→ **TASK STATEMENT**
The answer must be an exact reproduction of the lines from the start of the records below through the line containing "The collections below", and nothing more.

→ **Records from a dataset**
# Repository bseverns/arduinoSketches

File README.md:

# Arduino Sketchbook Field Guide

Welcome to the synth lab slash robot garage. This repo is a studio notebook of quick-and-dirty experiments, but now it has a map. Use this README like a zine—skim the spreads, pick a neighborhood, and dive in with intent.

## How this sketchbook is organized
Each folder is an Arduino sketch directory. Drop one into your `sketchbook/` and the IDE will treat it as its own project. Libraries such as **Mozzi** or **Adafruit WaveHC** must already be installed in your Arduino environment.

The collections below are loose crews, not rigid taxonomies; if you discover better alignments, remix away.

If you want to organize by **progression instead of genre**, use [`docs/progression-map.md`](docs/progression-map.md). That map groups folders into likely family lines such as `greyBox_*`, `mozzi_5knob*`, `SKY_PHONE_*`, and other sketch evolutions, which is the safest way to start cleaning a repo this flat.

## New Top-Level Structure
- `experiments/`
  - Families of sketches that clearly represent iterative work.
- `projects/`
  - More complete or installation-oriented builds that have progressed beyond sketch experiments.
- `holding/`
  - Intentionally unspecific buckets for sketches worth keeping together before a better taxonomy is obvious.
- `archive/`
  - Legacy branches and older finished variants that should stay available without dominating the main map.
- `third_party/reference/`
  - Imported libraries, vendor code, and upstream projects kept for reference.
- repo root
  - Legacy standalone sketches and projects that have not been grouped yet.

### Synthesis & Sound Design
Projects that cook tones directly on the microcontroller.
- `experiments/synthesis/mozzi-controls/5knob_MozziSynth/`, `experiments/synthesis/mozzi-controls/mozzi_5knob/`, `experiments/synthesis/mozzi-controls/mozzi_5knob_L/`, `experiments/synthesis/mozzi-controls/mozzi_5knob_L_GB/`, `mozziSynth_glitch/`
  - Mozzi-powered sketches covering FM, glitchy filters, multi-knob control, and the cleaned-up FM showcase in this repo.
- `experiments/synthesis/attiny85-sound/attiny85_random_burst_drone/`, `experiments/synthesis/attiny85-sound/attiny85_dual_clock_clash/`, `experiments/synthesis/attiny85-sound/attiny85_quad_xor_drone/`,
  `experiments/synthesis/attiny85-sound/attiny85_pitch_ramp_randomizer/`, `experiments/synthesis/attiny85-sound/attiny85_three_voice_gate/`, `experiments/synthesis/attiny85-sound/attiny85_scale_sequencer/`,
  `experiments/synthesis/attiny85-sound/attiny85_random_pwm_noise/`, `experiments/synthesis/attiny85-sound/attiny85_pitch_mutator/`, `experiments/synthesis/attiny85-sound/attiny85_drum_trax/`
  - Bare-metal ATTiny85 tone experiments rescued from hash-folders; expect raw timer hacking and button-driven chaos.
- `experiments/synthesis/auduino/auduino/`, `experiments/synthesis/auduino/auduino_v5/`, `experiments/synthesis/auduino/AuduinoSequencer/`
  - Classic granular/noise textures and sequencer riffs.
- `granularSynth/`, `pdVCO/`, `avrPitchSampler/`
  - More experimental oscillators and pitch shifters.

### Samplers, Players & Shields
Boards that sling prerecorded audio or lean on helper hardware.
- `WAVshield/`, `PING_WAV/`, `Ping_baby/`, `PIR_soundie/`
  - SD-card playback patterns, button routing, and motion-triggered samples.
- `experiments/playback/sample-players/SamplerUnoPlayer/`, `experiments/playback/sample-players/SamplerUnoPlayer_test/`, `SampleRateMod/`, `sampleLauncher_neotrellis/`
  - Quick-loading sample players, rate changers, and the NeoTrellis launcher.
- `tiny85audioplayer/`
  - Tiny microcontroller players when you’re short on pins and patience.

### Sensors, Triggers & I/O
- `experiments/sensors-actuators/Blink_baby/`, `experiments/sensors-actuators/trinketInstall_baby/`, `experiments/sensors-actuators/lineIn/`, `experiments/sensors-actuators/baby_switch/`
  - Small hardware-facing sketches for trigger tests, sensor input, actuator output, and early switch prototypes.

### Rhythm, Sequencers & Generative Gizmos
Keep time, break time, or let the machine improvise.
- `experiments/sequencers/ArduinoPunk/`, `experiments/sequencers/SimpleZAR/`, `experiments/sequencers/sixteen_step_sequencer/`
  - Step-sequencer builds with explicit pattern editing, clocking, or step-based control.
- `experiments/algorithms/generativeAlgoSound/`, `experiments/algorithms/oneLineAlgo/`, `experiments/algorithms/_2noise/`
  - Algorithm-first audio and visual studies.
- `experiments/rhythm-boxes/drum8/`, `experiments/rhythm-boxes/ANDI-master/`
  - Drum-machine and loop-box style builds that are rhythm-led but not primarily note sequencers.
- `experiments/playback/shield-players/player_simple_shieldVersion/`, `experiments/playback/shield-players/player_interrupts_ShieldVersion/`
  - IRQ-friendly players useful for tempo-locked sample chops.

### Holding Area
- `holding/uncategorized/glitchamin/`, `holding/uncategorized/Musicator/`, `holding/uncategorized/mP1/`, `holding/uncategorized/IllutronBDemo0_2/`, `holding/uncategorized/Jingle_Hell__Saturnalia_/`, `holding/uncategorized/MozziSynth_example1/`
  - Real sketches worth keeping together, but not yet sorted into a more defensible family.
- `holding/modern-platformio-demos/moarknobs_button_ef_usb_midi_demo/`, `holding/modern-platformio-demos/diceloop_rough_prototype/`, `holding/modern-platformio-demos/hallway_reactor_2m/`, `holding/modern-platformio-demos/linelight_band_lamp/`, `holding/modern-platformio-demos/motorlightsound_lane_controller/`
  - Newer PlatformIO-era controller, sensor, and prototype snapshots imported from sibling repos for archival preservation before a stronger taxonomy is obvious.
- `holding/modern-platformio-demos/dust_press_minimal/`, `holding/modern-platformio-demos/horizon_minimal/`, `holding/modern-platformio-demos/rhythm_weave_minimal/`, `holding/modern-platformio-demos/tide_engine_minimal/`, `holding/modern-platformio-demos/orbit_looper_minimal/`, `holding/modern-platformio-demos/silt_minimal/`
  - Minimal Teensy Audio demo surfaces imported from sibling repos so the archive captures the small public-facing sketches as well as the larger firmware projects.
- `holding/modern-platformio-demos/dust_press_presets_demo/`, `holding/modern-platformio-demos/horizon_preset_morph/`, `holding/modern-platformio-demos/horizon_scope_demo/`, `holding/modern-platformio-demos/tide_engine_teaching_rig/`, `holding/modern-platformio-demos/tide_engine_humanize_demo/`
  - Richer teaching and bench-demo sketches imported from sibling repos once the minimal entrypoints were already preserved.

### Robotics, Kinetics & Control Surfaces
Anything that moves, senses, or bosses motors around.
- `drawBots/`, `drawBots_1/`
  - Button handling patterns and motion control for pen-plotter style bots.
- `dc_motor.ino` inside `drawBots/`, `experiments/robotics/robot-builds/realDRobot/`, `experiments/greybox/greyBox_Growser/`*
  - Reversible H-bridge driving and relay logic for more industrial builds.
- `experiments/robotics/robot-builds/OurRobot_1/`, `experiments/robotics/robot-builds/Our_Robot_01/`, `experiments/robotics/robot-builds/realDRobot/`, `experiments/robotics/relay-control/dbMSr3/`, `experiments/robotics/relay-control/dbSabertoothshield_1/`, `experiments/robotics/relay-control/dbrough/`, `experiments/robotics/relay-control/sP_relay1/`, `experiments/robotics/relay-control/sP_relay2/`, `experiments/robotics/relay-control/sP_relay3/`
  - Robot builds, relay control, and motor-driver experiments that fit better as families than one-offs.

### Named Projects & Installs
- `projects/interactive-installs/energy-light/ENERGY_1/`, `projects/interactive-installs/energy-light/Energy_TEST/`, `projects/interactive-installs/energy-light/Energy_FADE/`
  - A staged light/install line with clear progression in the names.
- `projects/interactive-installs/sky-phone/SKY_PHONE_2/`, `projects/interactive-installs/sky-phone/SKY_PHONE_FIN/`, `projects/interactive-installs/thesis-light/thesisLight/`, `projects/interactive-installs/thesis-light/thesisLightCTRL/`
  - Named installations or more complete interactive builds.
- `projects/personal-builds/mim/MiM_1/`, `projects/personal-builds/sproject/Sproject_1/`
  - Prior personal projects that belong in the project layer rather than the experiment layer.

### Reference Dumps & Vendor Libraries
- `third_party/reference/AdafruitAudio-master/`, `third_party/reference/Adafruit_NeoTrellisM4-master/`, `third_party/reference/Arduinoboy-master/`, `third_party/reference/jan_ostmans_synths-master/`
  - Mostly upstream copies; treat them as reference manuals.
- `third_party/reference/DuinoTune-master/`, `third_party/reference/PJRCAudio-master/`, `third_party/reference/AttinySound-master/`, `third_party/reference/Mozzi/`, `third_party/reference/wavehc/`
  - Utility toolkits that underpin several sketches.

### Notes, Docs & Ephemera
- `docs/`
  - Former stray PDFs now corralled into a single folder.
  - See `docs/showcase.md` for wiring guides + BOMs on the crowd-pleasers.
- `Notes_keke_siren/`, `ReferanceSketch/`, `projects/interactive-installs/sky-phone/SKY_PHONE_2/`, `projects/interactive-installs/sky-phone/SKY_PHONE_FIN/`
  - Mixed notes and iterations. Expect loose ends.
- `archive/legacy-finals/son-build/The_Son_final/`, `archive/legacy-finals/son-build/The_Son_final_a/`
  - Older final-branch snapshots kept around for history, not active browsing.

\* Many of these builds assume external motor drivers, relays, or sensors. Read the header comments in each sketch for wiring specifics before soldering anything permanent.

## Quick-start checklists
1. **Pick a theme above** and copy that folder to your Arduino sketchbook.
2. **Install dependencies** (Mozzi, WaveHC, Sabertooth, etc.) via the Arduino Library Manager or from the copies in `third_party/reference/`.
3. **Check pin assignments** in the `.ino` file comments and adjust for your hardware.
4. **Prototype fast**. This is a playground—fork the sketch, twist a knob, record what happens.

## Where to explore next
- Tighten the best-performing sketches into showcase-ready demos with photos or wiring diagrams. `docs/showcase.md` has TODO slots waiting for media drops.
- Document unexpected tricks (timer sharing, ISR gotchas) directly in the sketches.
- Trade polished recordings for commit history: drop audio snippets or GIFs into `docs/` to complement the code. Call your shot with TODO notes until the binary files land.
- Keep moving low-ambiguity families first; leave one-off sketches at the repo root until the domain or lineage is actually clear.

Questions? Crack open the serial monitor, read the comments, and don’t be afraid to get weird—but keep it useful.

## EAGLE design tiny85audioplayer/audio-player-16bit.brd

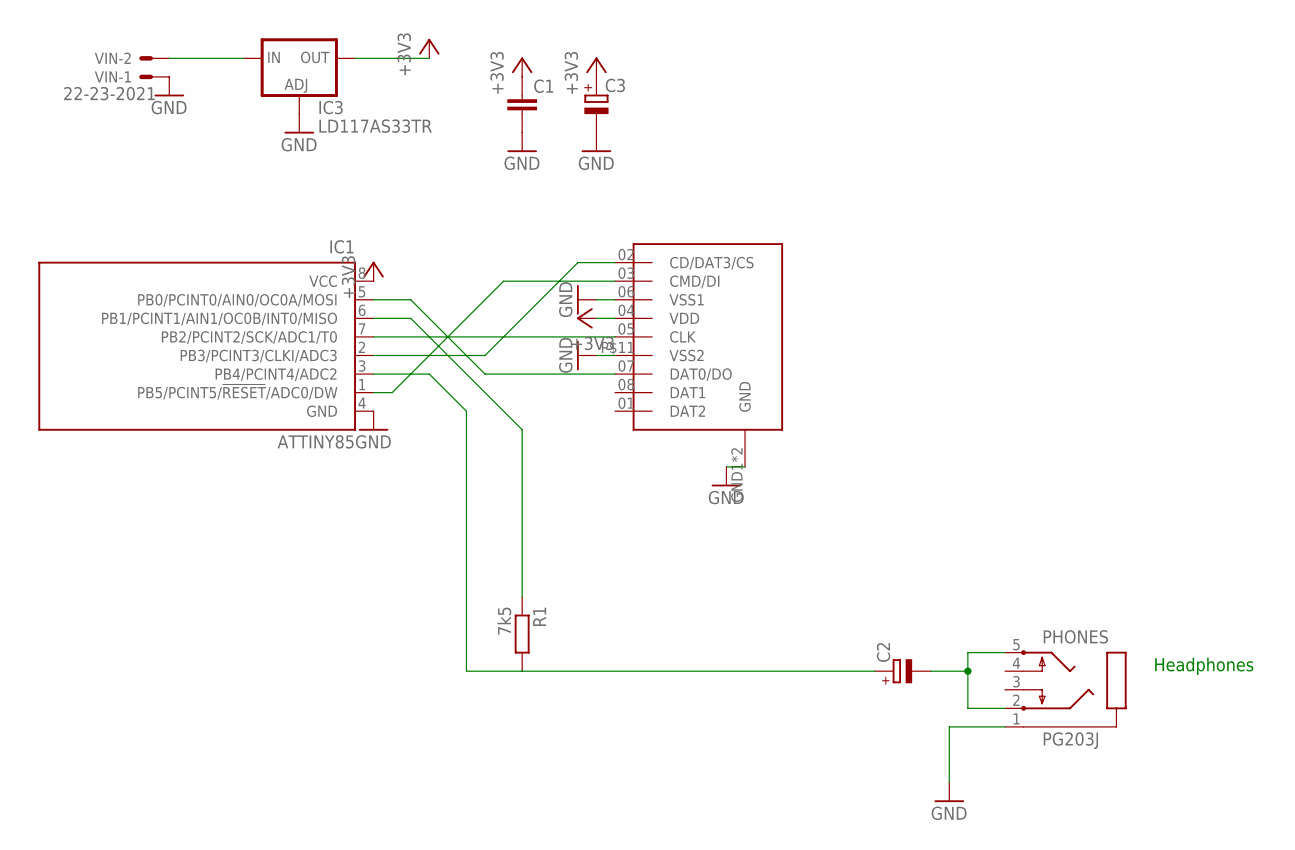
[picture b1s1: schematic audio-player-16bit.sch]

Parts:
C1: C-EUC1206; C1206
C2: CPOL-EU140CLH-1014; 140CLH-1014
C3: CPOL-EUCT3528; CT3528
IC1: ATTINY85; DIL08
IC3: LD117AS33TR; SOT223
PHONES: PG203J
R1: 7k5; R1206
U$1: MICROSD; SCHD3A0100
VIN: 22-23-2021

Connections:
+3V3: C1.1, C3.+, IC1.8 (VCC), IC3.4 (OUT), U$1.04 (VDD)
GND: C1.2, C3.-, IC1.4 (GND), IC3.1 (ADJ), PHONES.1, U$1.06 (VSS1), U$1.GND1 (GND), U$1.GND2 (GND), U$1.P$11 (VSS2), VIN.1
unnamed: IC1.2 (PB3/PCINT3/CLKI/ADC3), U$1.02 (CD/DAT3/CS)
unnamed: IC1.6 (PB1/PCINT1/AIN1/OC0B/INT0/MISO), R1.1
unnamed: IC1.7 (PB2/PCINT2/SCK/ADC1/T0), U$1.05 (CLK)
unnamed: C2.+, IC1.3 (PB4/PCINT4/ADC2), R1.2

→ **RESULT OF THIS TASK**
# Repository bseverns/arduinoSketches

File README.md:

# Arduino Sketchbook Field Guide

Welcome to the synth lab slash robot garage. This repo is a studio notebook of quick-and-dirty experiments, but now it has a map. Use this README like a zine—skim the spreads, pick a neighborhood, and dive in with intent.

## How this sketchbook is organized
Each folder is an Arduino sketch directory. Drop one into your `sketchbook/` and the IDE will treat it as its own project. Libraries such as **Mozzi** or **Adafruit WaveHC** must already be installed in your Arduino environment.

The collections below are loose crews, not rigid taxonomies; if you discover better alignments, remix away.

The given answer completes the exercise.